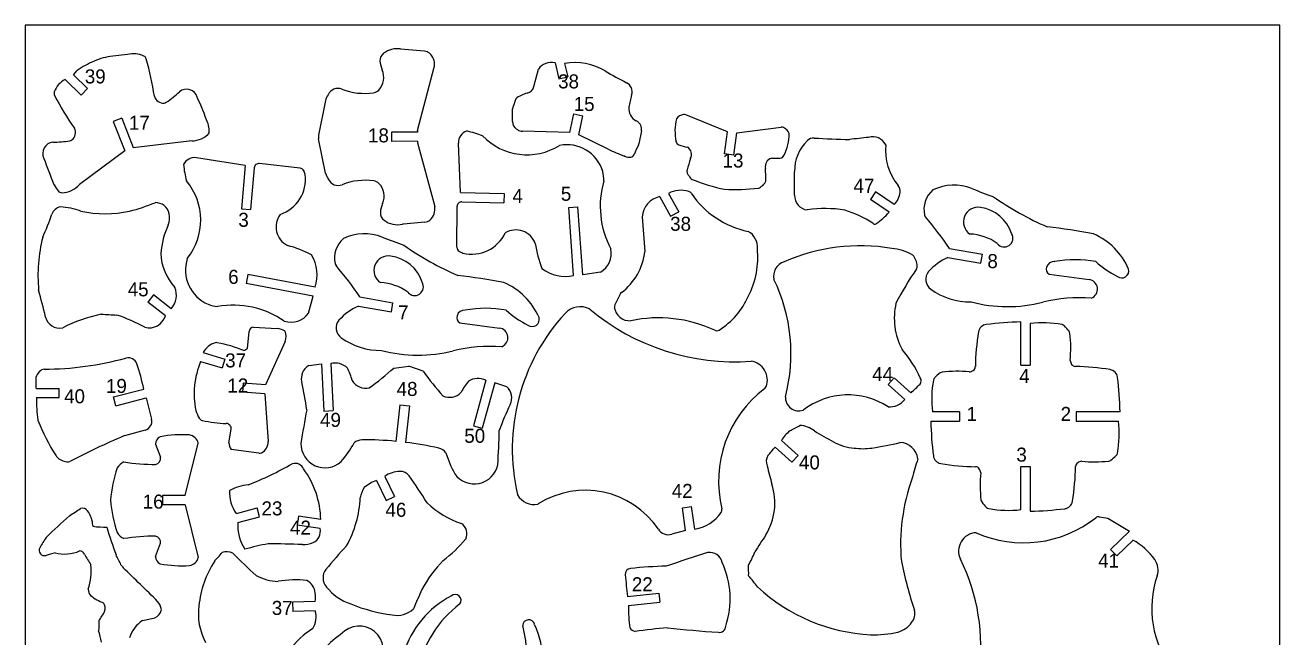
# Model space of a CAD drawing. Extents: x 35 to 689, y -57 to 689.
# Drawn here: x 35 to 689, y 370 to 689 of the extents above; entities that cross this region are included whole.
import ezdxf

# ---------------------------------------------------------------- set-up
doc = ezdxf.new("R2010")
doc.units = 0
doc.header["$MEASUREMENT"] = 0
doc.layers.get('0').update_dxf_attribs({"linetype": 'CONTINUOUS'})
doc.layers.add('TEXT', color=1, linetype='CONTINUOUS')

msp = doc.modelspace()

# ---------------------------------------------------------------- linework, layer by layer
at = {"color": 7}
for p, q in [((88.59, 673.62), (80.85, 672.7)), ((243.15, 675.34), (230.68, 676.43)), ((239.6, 634.01), (248.28, 666.99)), ((311.2, 669.3), (313.12, 660.87)), ((316.2, 668.95), (317.79, 661.94)), ((56.04, 660.65), (64.36, 652.41)), ((60.45, 663.04), (62.3, 665.31)), ((60.45, 663.04), (67.73, 655.82)), ((300.21, 656.86), (302.52, 665.94)), ((313.12, 660.87), (317.79, 661.94)), ((64.36, 652.41), (67.73, 655.82)), ((191.64, 649.58), (188.06, 631.58)), ((85.53, 640.47), (81.08, 638.69)), ((85.53, 640.47), (91.59, 625.26)), ((289.02, 638.73), (289.08, 645.26)), ((318.86, 632.94), (320.93, 642.69)), ((320.93, 642.69), (325.62, 641.69)), ((323.51, 631.78), (325.62, 641.69)), ((400.98, 633.41), (379.31, 642.2)), ((81.08, 638.69), (87.14, 623.49)), ((239.6, 634.01), (239.6, 633.21)), ((291.75, 634.37), (291.13, 634.78)), ((356.19, 633.82), (354.83, 627.13)), ((405.79, 632.78), (428.99, 635.69)), ((91.59, 625.26), (120.7, 628.72)), ((191.75, 611.76), (188.07, 629.73)), ((239.6, 633.21), (226.03, 633.17)), ((226.03, 633.17), (226.05, 628.37)), ((239.62, 628.41), (226.05, 628.37)), ((239.62, 628.41), (239.62, 627.61)), ((239.62, 627.61), (248.57, 594.42)), ((262.03, 601.73), (260.89, 627.38)), ((318.86, 632.94), (294.19, 633.61)), ((338.79, 624.35), (323.51, 631.78)), ((399.47, 621.81), (400.98, 633.41)), ((404.26, 621.18), (405.79, 632.78)), ((87.14, 623.49), (63.64, 605.98)), ((404.26, 621.18), (399.47, 621.81)), ((149.89, 615.79), (124.53, 619.82)), ((149.89, 615.79), (147.88, 593.26)), ((154.6, 614.65), (152.66, 592.84)), ((178.45, 614.47), (157.19, 616.77)), ((262.03, 601.73), (284.64, 601.18)), ((284.64, 601.18), (284.52, 596.38)), ((370.25, 601.29), (375.61, 591.67)), ((478.07, 602.01), (475.4, 598.03)), ((487.79, 595.5), (478.07, 602.01)), ((262.63, 596.91), (284.52, 596.38)), ((365.72, 599.56), (371.41, 589.34)), ((485.12, 591.51), (475.4, 598.03)), ((147.88, 593.26), (152.66, 592.84)), ((260.11, 573.2), (260.23, 594.59)), ((318.32, 593.95), (323.1, 594.3)), ((320.89, 558.47), (318.32, 593.95)), ((325.68, 558.82), (323.1, 594.3)), ((371.41, 589.34), (375.61, 591.67)), ((243.42, 586.3), (232.28, 585.26)), ((516.58, 572.63), (533.79, 569.65)), ((532.97, 564.93), (533.79, 569.65)), ((515.76, 567.91), (532.97, 564.93)), ((151.26, 558.98), (150.37, 554.27)), ((186.22, 552.42), (151.26, 558.98)), ((334.79, 560.29), (325.68, 558.82)), ((568.57, 559.18), (589.26, 556.45)), ((185.33, 547.7), (150.37, 554.27)), ((102.07, 548.47), (99.11, 544.7)), ((108.3, 537.46), (99.11, 544.7)), ((111.27, 541.23), (102.07, 548.47)), ((182.84, 538.81), (185.33, 547.7)), ((208.78, 542.59), (225.99, 539.61)), ((209.6, 547.32), (226.81, 544.34)), ((225.99, 539.61), (226.81, 544.34)), ((154.26, 531.6), (166.55, 530.82)), ((261.59, 533.87), (282.28, 531.14)), ((553.76, 511.83), (553.76, 534.3)), ((558.56, 533.48), (558.56, 511.83)), ((151.09, 520.5), (151.87, 529.26)), ((170.62, 524.18), (160.41, 501.61)), ((128.03, 518.33), (139.22, 514.93)), ((126.63, 513.74), (137.83, 510.34)), ((139.22, 514.93), (137.83, 510.34)), ((182.97, 511.71), (189.58, 512.44)), ((189.58, 512.44), (190.85, 487.9)), ((194.37, 512.69), (195.64, 488.15)), ((227.21, 510.32), (235.08, 511.22)), ((242.57, 508.66), (235.08, 511.22)), ((553.76, 511.83), (558.56, 511.83)), ((41.09, 499.74), (41.09, 505.66)), ((275.15, 503.95), (268.66, 480.25)), ((484.63, 501.66), (487.82, 505.25)), ((496.56, 497.47), (487.82, 505.25)), ((41.09, 499.74), (52.96, 499.74)), ((52.96, 494.95), (52.96, 499.74)), ((81.28, 495.23), (96.99, 499.36)), ((148.74, 502.52), (148.37, 497.74)), ((160.04, 496.83), (148.37, 497.74)), ((160.41, 501.61), (148.74, 502.52)), ((160.04, 496.83), (161.79, 472.09)), ((279.78, 502.69), (273.29, 478.99)), ((286.08, 500.56), (279.78, 502.69)), ((493.37, 493.89), (484.63, 501.66)), ((41.26, 494.95), (52.96, 494.95)), ((82.51, 490.59), (81.28, 495.23)), ((82.51, 490.59), (98.35, 494.76)), ((98.35, 494.76), (101.12, 483.69)), ((230.41, 491.17), (228.27, 472.09)), ((230.41, 491.17), (235.35, 490.63)), ((235.35, 490.63), (233.36, 471.54)), ((190.85, 487.9), (195.64, 488.15)), ((521.81, 487.43), (507.71, 487.43)), ((521.81, 487.43), (521.81, 482.63)), ((605.43, 487.43), (582.51, 487.43)), ((582.51, 487.43), (582.51, 482.63)), ((97.81, 478.04), (87, 475.08)), ((141.4, 471.43), (142.57, 478.4)), ((268.66, 480.25), (273.29, 478.99)), ((506.89, 482.63), (521.81, 482.63)), ((582.51, 482.63), (604.62, 482.63)), ((103.12, 470.74), (105.77, 463.83)), ((118.57, 443.85), (125.37, 471.2)), ((437.84, 464.74), (429.13, 472.57)), ((157.04, 466.03), (142.5, 467.93)), ((434.47, 461.32), (425.76, 469.16)), ((434.47, 461.32), (437.84, 464.74)), ((553.76, 436.57), (553.76, 459.04)), ((553.76, 459.04), (558.56, 459.04)), ((558.56, 459.04), (558.56, 435.76)), ((218.23, 451.79), (223.32, 441.25)), ((222.55, 453.87), (227.64, 443.34)), ((106.87, 443.85), (106.87, 439.05)), ((118.57, 443.85), (106.87, 443.85)), ((118.57, 439.05), (106.87, 439.05)), ((118.57, 439.05), (125.37, 411.71)), ((223.32, 441.25), (227.64, 443.34)), ((377.54, 437.52), (382.29, 438.18)), ((383.94, 426.43), (382.29, 438.18)), ((145.24, 434.51), (156.05, 437.44)), ((145.98, 429.86), (157.29, 432.85)), ((157.29, 432.85), (156.05, 437.44)), ((177.66, 433.21), (176.97, 428.48)), ((189.23, 431.44), (177.66, 433.21)), ((379.21, 425.62), (377.54, 437.52)), ((599.13, 432.18), (610.26, 425.42)), ((188.85, 426.75), (176.97, 428.48)), ((379.21, 425.62), (371.94, 423.71)), ((610.26, 425.42), (600.48, 415.89)), ((103.12, 412.17), (105.77, 419.08)), ((612.21, 420.63), (603.83, 412.46)), ((600.48, 415.89), (603.83, 412.46)), ((348.94, 391.35), (365.23, 393.08)), ((365.23, 393.08), (365.73, 388.31)), ((186.24, 388.64), (174.54, 388.31)), ((174.54, 388.31), (174.68, 383.52)), ((349.44, 386.58), (365.73, 388.31)), ((186.38, 383.85), (174.68, 383.52))]:
    msp.add_line(p, q, dxfattribs=at)
at = {"linetype": 'Continuous'}
msp.add_lwpolyline([(35.24, -56.98), (688.66, -56.98), (688.66, 688.93), (35.24, 688.93)], close=True, dxfattribs=at)
at = {"color": 7}
for centre, radius, start, end in [((91.68, 661.52), 12.49, 64.20987, 104.30302), ((224.72, 670.5), 4.68, 126.6347, 182.84464), ((229.1, 664.62), 12.01, 82.24985, 126.6347), ((242.74, 670.68), 4.68, 49.75996, 85.01809), ((240.88, 668.47), 7.57, 354.19735, 49.75996), ((88.73, 626.66), 46.82, 112.12215, 124.37), ((83.59, 643.62), 29.21, 95.38286, 115.07414), ((96.09, 670.66), 2.34, 16.08868, 64.20987), ((-43.2, 630.49), 147.31, 8.33179, 16.08868), ((232.78, 670.9), 12.75, 182.84464, 204.91144), ((243.75, 668.18), 4.68, 345.25954, 354.19735), ((309.28, 661.38), 8.15, 76.32498, 145.95117), ((321.38, 637.89), 31.49, 59.51741, 99.45725), ((62.13, 649.74), 12.49, 119.17155, 159.26471), ((212.5, 661.7), 9.52, 316.12425, 23.71706), ((453.83, 862.9), 229.61, 239.51741, 242.67842), ((52.64, 653.34), 2.34, 159.26471, 207.38589), ((78.4, 694), 54.52, 303.83484, 313.13158), ((119.32, 649.63), 5.86, 17.57105, 128.50195), ((198.19, 650.29), 5.68, 68.49176, 155.50009), ((211.93, 685.17), 31.82, 248.49176, 278.59685), ((215.99, 658.34), 4.68, 278.59685, 316.12425), ((299.99, 639.2), 14.62, 102.91434, 129.41695), ((295.68, 658.01), 4.68, 282.91434, 345.74499), ((345.97, 654.13), 5.37, 342.42429, 62.67842), ((181.36, 720.02), 147.31, 207.38589, 215.14278), ((107.16, 653.07), 4.77, 195.06156, 276.91915), ((107.45, 650.66), 2.34, 276.91915, 303.83484), ((-233.95, 496.81), 390.74, 21.17044, 23.30559), ((199.58, 647.84), 8.13, 143.79936, 167.68767), ((344.8, 630.8), 57.56, 160.00094, 165.45649), ((386.45, 641.31), 37.08, 162.42429, 172.48899), ((356.51, 645.26), 6.88, 172.48899, 243.86852), ((378.97, 636.71), 5.71, 99.26321, 142.55817), ((378.43, 640.03), 2.34, 67.92388, 99.26321), ((56.71, 632.96), 4.77, 306.55542, 28.41301), ((128.24, 637.08), 2.34, 13.18231, 21.17044), ((128.82, 633.65), 2.34, 313.33174, 6.10096), ((100.81, 630.65), 30.51, 6.10096, 13.18231), ((293.7, 638.69), 4.68, 179.49029, 236.73342), ((294.32, 638.28), 4.68, 236.73342, 268.44672), ((351.03, 634.1), 5.55, 48.54144, 63.86852), ((351.61, 634.75), 4.68, 348.48227, 48.54144), ((401.6, 633.66), 27.94, 166.50393, 191.0497), ((429.28, 633.37), 2.34, 65.81012, 97.14945), ((427.9, 630.3), 5.71, 22.51516, 65.81012), ((50.25, 622.09), 5.86, 94.97262, 205.90352), ((49.42, 682.45), 54.52, 270.34299, 279.63973), ((58.16, 631.01), 2.34, 279.63973, 306.55542), ((122.11, 640.76), 12.11, 263.27965, 313.33174), ((192.65, 630.67), 4.68, 168.76003, 191.58244), ((267.36, 627.67), 6.48, 109.96213, 182.55242), ((250.17, 569.11), 66.37, 69.42807, 76.95654), ((296.58, 653.29), 31.92, 223.67525, 302.09565), ((376.48, 628.75), 2.34, 191.0497, 250.02405), ((405.25, 633.18), 27.94, 334.02363, 358.5694), ((457.46, 613.12), 21.55, 133.25643, 181.3279), ((445.9, 625.41), 4.68, 87.35303, 133.25643), ((534.74, 2547.2), 1919.17, 267.35303, 267.90372), ((557.35, -139.92), 774.82, 96.14114, 96.87959), ((476.59, 623.09), 7.67, 27.55031, 106.11327), ((317.43, 607.26), 19.37, 16.47149, 101.57596), ((375.99, 699.91), 84.23, 243.78566, 250.08892), ((350.2, 622.5), 2.34, 279.72034, 336.31474), ((499.71, 556.92), 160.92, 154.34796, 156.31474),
^^^^
• **WORK ORDER**: Among the entries, how many lines include the word "linetype"? Give only the number.

• **ANSWER SECTION**: 3